**WHAT THE TASK ASKS**
Look through the listing for the string "along" and copy out every line that holds it.

**DATA RECORDS**
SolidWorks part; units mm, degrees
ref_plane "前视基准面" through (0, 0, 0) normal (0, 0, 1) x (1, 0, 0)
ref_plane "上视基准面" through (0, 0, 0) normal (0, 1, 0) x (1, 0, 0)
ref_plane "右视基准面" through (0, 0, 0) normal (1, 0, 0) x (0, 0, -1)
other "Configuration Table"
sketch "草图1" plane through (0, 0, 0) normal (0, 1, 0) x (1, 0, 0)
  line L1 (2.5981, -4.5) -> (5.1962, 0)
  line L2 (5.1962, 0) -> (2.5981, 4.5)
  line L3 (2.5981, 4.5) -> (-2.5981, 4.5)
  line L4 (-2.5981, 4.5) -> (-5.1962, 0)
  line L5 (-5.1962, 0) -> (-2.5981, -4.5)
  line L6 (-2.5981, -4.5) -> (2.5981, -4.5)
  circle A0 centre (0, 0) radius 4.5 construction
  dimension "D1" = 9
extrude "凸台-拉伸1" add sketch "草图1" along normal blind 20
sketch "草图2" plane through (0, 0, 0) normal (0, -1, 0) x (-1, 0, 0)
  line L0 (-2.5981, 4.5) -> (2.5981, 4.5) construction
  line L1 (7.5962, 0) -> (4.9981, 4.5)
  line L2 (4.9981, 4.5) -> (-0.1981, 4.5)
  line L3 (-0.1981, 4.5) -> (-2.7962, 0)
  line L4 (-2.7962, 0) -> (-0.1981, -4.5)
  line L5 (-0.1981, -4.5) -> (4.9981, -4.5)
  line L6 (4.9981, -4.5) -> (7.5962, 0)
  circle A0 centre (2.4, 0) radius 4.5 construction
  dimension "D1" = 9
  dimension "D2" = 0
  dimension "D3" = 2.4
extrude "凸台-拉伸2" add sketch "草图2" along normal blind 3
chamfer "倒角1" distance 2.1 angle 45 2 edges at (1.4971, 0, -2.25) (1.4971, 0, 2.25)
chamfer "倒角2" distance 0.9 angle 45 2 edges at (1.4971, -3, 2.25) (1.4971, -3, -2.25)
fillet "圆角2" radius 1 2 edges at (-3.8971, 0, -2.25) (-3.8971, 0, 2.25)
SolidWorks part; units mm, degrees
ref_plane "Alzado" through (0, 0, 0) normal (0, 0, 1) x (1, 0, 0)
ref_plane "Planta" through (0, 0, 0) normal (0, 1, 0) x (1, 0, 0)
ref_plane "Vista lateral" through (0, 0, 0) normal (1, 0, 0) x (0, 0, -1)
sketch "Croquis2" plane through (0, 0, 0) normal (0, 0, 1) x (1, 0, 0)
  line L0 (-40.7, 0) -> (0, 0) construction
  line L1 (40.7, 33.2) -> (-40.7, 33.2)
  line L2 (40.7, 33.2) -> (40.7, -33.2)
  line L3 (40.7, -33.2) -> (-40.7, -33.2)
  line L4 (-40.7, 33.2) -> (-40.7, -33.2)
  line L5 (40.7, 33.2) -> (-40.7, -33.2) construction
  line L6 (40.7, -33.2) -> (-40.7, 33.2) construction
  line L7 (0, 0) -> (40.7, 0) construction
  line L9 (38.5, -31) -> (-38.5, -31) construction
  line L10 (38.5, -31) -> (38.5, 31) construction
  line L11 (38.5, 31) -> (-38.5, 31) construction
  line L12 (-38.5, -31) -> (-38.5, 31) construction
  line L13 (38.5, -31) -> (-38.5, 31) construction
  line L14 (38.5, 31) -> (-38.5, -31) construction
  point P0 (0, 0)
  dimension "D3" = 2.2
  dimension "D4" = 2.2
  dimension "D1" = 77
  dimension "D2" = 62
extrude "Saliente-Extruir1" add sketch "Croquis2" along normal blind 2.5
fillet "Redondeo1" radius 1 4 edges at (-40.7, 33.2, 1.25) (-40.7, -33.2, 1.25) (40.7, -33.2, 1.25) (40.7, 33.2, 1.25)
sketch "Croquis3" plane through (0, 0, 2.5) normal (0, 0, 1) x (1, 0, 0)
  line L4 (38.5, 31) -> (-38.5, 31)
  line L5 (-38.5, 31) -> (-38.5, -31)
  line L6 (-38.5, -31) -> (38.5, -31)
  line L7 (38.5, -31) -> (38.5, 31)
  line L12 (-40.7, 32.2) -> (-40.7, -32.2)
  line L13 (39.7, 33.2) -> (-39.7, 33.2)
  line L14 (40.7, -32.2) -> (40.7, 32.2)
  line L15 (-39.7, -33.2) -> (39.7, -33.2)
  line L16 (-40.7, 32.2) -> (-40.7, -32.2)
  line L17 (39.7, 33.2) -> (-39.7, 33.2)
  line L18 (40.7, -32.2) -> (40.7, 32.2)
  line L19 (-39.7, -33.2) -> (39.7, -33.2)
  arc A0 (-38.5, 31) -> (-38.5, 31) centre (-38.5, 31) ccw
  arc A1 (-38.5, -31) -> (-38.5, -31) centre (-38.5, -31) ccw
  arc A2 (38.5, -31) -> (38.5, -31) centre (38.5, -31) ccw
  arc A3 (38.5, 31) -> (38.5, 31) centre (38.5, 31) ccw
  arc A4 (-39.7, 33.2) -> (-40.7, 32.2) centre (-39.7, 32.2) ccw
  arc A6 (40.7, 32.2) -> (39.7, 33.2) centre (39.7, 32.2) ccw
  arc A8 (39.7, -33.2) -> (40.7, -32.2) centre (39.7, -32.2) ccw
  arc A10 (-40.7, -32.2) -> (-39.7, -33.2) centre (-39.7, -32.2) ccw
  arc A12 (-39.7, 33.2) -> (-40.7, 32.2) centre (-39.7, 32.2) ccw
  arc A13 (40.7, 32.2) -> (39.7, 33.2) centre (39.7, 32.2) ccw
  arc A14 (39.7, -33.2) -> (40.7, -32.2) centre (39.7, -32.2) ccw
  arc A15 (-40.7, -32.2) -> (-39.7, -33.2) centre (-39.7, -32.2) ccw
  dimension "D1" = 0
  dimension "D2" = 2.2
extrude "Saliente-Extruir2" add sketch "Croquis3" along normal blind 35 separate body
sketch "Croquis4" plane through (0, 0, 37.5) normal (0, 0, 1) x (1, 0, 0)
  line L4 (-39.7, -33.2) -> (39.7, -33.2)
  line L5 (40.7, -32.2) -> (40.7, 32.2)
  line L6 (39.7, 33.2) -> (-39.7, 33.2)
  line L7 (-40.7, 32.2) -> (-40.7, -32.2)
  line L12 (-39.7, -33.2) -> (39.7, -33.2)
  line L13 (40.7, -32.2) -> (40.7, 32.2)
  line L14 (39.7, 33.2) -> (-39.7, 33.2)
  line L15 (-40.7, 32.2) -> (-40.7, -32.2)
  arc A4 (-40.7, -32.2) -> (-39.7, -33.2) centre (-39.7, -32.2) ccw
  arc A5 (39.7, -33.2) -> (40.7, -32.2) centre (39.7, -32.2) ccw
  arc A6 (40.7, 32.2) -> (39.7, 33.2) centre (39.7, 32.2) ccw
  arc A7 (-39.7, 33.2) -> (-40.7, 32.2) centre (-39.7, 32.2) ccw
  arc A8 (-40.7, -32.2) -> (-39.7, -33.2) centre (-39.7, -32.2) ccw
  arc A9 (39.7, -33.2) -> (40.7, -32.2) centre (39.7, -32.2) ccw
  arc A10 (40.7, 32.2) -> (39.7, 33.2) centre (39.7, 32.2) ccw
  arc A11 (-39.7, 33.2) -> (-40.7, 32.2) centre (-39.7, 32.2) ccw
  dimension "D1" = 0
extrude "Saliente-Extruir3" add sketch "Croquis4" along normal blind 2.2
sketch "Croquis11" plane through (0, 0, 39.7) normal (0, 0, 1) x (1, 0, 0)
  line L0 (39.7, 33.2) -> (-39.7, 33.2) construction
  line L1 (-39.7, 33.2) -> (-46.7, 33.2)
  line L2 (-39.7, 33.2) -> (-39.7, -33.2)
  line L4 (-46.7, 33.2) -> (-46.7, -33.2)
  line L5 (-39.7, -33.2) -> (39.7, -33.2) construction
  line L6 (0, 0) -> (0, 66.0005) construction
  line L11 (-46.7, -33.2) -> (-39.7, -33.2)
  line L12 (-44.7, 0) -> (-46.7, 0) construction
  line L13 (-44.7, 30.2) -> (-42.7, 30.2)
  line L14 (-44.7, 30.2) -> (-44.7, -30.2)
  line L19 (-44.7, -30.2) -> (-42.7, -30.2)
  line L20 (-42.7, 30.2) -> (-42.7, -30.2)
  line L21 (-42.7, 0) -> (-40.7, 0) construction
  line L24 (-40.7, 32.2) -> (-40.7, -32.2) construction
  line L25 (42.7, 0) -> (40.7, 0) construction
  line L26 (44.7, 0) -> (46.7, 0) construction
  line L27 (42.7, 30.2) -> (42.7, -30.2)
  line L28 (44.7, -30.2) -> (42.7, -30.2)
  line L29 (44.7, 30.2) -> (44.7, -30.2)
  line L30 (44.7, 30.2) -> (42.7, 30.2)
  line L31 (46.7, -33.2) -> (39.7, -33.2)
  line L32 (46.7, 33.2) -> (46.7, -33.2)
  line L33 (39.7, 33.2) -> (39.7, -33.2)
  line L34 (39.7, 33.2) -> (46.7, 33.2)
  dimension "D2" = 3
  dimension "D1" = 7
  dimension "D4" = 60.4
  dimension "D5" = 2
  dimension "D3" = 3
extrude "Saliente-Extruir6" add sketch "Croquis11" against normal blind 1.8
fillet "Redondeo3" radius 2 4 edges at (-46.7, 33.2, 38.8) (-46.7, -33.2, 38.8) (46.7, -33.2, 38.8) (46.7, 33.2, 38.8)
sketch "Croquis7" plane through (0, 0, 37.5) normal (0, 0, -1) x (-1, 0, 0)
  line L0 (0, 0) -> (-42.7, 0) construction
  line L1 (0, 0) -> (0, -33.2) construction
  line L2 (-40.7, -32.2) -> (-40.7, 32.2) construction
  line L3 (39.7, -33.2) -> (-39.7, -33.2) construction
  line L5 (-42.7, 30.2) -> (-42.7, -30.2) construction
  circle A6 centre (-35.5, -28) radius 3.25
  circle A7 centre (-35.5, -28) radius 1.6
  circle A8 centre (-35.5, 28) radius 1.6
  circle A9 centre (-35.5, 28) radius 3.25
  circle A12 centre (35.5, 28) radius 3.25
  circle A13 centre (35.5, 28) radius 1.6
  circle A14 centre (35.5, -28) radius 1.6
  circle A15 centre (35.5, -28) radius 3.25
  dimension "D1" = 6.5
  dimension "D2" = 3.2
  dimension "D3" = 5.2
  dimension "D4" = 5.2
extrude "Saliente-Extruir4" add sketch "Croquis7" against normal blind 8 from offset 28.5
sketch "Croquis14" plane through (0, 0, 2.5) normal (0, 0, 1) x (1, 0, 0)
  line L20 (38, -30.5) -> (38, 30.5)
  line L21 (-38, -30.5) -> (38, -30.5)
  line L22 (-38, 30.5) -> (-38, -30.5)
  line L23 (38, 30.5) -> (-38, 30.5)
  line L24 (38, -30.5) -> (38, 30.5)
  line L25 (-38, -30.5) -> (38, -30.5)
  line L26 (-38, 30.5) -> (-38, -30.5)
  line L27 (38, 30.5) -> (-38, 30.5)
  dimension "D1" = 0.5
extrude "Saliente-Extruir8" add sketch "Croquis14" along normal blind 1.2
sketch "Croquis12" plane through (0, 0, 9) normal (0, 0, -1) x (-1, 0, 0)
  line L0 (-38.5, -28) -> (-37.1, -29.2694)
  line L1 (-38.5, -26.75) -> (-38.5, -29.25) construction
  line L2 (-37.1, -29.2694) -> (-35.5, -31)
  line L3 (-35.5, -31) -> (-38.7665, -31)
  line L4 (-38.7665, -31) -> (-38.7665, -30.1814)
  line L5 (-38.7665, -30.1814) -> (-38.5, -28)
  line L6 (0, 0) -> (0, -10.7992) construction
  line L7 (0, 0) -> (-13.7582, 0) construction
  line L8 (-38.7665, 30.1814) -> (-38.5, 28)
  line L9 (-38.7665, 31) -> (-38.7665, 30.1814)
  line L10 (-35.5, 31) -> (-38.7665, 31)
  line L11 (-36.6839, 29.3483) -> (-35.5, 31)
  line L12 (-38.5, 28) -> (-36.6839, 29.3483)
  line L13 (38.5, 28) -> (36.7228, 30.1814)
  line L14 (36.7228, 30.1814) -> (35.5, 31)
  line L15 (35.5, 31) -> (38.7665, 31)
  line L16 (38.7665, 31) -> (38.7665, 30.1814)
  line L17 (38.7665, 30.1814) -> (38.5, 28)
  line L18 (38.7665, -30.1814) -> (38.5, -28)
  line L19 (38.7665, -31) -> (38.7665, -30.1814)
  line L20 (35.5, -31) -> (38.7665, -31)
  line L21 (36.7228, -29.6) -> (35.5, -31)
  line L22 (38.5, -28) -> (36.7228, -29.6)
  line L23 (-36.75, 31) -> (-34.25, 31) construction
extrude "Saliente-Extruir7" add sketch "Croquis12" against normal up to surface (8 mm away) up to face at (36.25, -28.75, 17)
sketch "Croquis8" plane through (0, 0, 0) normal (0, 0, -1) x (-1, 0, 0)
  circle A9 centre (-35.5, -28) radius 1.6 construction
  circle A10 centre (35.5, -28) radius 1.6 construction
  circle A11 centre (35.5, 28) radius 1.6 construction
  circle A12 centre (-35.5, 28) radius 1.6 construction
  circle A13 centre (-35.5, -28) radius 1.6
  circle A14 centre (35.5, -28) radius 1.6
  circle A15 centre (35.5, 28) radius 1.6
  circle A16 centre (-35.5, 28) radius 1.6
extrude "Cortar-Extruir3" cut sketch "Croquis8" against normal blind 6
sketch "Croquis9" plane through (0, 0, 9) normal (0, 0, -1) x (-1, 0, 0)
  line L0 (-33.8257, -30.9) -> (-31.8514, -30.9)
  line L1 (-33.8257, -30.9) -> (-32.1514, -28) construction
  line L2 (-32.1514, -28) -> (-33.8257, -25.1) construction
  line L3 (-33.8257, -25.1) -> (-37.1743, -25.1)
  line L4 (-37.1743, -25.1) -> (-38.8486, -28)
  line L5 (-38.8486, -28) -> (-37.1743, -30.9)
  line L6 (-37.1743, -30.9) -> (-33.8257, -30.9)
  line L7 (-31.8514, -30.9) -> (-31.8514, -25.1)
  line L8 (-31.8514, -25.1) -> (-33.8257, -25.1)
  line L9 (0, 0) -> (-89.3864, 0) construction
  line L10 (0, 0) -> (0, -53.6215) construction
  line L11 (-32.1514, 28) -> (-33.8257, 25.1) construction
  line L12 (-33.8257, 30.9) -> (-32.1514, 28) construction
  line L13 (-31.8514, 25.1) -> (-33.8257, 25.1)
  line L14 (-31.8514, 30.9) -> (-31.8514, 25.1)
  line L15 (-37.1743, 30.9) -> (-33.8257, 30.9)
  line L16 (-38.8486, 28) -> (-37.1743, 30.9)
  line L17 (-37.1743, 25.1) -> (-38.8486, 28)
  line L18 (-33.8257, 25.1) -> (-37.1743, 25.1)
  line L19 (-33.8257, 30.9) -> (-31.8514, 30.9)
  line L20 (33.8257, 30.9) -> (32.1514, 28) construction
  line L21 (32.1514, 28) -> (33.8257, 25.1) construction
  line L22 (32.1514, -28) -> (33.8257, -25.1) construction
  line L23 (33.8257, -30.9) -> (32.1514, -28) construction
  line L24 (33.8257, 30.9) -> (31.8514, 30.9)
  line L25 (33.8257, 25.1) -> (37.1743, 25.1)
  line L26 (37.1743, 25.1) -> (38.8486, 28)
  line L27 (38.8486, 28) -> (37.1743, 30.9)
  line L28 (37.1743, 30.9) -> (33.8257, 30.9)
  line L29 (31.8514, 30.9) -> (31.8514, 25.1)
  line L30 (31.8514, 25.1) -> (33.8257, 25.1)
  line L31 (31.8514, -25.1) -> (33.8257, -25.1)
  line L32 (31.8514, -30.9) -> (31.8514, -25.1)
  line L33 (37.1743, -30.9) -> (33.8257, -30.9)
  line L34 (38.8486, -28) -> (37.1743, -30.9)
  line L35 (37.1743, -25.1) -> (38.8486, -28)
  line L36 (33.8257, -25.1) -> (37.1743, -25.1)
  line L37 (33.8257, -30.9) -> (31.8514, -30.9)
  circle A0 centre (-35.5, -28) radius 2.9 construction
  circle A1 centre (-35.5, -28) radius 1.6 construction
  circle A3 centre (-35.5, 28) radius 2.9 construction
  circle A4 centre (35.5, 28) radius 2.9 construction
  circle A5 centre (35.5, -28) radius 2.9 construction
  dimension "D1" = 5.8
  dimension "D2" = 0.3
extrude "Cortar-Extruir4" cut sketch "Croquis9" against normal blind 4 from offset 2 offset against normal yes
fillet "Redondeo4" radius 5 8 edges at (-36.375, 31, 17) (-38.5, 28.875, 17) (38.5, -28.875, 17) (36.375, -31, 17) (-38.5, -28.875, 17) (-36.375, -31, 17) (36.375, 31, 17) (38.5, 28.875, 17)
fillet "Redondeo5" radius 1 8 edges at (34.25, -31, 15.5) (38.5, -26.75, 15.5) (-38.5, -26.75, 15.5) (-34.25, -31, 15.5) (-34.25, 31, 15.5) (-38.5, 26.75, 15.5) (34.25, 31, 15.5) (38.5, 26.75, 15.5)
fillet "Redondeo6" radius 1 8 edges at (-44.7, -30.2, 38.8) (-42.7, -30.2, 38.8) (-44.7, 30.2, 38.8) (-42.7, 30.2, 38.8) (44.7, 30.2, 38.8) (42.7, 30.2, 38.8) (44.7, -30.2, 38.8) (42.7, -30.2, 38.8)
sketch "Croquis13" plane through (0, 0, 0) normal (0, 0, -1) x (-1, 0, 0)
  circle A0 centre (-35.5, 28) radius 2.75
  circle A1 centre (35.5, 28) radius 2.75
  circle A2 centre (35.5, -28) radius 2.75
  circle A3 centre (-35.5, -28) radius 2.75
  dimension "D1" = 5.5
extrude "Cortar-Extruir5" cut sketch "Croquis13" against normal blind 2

**RESPONSE**
extrude "凸台-拉伸1" add sketch "草图1" along normal blind 20
extrude "凸台-拉伸2" add sketch "草图2" along normal blind 3
extrude "Saliente-Extruir1" add sketch "Croquis2" along normal blind 2.5
extrude "Saliente-Extruir2" add sketch "Croquis3" along normal blind 35 separate body
extrude "Saliente-Extruir3" add sketch "Croquis4" along normal blind 2.2
extrude "Saliente-Extruir8" add sketch "Croquis14" along normal blind 1.2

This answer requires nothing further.